Malgré les messages échangés, il n'a jamais fait mention de Sierra. Je sais à quel point elle a une place importante dans sa vie, en tant que meilleure amie. Qu'il lui ait annoncé la nouvelle, c'est un pas important pour... et ça me surprend. Il me faut toute la volonté du monde pour me concentrer sur la route et ne pas lui jeter un regard.
— Quand ça ? je l'interroge abasourdie. Et pourquoi ne m'as-tu rien dit avant ? Et comment a-t-elle réagi ?
— Oh ça l'a rendue très joyeuse, bien qu'elle ne semblait pas étonnée. Tu lui avais fait une très bonne impression lors de la soirée, tu te souviens ?
— Bien sûr que je me souviens. Mais, elle n'était pas étonnée ? Même pas un peu ?
— Pas le moins du monde ! approuve-t-il en riant. Elle m'a dit que c'était plutôt l'inverse qui l'aurait surprise. D'après elle, je n'invite pas n'importe qui chez moi. En fait, je n'invite pas grand monde.
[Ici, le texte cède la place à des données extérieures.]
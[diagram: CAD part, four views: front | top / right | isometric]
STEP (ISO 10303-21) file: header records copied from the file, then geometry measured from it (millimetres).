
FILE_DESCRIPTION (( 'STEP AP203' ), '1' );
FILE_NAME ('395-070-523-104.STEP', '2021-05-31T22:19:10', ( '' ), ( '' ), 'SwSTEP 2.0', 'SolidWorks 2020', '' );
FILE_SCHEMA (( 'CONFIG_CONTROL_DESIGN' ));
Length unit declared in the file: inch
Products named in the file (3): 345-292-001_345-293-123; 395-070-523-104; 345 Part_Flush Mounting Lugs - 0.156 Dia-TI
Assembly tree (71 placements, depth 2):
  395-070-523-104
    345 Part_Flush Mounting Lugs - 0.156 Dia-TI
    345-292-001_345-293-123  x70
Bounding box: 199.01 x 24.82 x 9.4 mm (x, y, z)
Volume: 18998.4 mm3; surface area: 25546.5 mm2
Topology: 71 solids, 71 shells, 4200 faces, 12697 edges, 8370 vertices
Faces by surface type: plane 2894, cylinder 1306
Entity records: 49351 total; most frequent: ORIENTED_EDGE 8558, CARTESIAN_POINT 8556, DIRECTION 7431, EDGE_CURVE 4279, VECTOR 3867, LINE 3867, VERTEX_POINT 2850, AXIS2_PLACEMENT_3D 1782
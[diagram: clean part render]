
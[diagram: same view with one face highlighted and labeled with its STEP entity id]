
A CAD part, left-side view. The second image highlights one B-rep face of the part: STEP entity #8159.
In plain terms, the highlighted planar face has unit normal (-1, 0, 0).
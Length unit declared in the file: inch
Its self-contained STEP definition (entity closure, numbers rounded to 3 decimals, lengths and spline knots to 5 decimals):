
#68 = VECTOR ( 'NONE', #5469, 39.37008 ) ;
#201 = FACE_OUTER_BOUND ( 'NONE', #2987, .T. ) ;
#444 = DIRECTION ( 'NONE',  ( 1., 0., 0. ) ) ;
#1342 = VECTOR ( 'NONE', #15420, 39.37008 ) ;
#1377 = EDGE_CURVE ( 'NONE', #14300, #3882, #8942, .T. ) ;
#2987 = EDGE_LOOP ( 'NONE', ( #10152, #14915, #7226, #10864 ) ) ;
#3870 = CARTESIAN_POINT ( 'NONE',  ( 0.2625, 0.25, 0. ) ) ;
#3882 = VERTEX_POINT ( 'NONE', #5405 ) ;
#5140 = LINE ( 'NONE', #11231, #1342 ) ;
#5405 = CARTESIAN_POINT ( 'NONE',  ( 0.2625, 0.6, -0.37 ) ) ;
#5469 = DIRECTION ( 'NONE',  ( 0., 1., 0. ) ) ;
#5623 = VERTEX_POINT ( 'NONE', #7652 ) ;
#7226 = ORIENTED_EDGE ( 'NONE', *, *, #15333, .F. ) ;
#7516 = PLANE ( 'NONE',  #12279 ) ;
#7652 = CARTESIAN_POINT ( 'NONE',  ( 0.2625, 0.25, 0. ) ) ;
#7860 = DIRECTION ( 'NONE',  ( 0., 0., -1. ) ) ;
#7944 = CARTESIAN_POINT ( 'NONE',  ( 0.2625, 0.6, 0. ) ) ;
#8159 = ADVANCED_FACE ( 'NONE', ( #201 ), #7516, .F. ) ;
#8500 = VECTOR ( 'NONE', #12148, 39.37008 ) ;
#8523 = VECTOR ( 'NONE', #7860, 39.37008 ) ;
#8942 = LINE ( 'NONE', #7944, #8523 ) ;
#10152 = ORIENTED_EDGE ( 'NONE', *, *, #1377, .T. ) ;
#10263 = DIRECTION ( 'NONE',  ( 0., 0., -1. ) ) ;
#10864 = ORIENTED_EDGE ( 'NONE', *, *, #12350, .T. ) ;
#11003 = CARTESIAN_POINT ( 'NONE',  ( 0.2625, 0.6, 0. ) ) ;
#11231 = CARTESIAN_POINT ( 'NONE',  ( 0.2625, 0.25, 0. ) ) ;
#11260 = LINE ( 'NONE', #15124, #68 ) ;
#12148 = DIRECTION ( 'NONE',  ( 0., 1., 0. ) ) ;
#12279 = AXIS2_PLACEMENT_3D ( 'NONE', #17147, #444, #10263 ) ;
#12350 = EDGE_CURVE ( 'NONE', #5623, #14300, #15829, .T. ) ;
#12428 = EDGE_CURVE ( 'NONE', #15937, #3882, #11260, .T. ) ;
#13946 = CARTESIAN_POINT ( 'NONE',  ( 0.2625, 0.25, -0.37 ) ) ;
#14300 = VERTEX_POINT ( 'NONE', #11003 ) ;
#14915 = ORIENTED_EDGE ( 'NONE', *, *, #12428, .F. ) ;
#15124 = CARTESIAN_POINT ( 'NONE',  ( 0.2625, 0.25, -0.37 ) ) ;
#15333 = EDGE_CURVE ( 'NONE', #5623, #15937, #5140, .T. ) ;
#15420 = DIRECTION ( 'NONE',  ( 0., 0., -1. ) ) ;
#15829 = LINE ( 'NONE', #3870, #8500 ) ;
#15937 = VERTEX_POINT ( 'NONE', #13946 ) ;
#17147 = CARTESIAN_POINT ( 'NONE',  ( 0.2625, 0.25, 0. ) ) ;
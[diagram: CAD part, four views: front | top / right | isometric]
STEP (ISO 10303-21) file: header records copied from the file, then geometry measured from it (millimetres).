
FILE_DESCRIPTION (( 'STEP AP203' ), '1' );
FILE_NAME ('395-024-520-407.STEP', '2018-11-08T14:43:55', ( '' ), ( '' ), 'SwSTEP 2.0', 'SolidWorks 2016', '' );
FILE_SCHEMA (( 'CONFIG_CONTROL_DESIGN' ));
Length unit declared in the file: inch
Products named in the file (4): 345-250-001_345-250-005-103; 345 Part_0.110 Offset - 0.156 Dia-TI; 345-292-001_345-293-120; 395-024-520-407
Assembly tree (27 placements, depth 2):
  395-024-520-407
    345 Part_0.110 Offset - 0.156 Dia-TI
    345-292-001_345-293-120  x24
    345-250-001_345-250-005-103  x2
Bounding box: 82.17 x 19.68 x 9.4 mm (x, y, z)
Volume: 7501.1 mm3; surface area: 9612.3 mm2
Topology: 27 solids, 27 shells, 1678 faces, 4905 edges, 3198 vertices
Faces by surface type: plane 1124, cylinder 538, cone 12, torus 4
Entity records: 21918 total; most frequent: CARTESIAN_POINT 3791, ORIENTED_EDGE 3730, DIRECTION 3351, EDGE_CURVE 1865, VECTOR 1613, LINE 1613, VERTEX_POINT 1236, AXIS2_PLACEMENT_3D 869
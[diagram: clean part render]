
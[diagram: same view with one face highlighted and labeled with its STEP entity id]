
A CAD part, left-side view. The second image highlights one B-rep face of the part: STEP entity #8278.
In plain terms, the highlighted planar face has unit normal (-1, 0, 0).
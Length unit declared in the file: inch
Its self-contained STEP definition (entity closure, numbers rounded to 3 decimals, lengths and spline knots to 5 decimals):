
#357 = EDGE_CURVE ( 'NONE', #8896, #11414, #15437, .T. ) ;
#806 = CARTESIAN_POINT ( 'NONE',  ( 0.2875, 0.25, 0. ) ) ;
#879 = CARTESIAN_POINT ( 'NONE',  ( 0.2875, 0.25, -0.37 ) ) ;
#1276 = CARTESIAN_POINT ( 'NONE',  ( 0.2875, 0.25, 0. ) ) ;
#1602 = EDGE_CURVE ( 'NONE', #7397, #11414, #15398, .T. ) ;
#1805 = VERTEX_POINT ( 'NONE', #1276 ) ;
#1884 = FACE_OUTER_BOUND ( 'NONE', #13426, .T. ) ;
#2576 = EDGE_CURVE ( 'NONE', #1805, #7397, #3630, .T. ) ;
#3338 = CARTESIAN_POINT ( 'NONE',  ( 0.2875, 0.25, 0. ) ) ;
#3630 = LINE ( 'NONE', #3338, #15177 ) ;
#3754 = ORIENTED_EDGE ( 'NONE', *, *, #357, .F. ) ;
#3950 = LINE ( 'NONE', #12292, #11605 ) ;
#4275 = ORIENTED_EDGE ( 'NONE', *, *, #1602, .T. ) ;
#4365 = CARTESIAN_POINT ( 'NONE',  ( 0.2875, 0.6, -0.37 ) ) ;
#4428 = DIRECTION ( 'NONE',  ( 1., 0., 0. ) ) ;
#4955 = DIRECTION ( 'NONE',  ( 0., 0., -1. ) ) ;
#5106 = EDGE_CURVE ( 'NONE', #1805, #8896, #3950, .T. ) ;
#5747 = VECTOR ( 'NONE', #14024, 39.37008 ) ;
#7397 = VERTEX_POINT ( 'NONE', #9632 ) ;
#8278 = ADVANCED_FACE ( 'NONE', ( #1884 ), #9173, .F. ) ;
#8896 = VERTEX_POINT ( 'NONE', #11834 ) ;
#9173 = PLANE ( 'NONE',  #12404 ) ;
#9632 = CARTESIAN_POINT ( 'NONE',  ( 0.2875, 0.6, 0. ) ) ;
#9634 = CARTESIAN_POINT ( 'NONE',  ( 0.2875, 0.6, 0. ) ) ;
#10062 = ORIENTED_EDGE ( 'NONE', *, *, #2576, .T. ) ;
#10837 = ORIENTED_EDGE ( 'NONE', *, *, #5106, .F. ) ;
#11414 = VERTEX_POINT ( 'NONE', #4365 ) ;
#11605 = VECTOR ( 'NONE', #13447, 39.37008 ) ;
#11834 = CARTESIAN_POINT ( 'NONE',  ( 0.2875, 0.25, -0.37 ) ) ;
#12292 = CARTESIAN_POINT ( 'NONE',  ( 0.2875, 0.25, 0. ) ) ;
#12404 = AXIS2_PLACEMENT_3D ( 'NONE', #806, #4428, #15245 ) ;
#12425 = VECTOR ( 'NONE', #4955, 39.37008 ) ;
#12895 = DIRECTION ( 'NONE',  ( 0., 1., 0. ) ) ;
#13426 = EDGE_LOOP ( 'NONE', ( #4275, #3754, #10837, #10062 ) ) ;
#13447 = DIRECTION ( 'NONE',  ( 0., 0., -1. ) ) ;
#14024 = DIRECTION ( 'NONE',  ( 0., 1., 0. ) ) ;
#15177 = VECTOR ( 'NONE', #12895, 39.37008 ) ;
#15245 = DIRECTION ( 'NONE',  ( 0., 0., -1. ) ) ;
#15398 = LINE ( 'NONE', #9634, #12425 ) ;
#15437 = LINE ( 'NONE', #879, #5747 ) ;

— Donc, j'émets avec espoir, tu crois qu'il y a une chance pour que je puisse éviter l'interrogatoire de ta meilleure amie ?
Jake éclate de rire, ma question faisant écho à la situation qu'il s'apprête de vivre d'ici une dizaine de minutes. Il décide d'ailleurs de ne pas me répondre, soit parce qu'il ignore les intentions de Sierra, soit pour me torturer un peu. La deuxième proposition me semble plus correcte et, si c'est le cas, c'est bien joué.
Mon regard est attaché à la porte de la fleuristerie et, même si je ne le vois pas, je sens celui de Jake sur moi. Il doit être en train de se poser des questions ou me prendre pour une folle : cela fait vingt secondes que j'ai coupé le moteur et que je n'ai plus rien dit, dévisageant la façade de ma propre boutique.
— Hum, Aby ?
Je lève la main, l'incitant à suspendre sa phrase avant de me tourner vers lui, un rien gênée.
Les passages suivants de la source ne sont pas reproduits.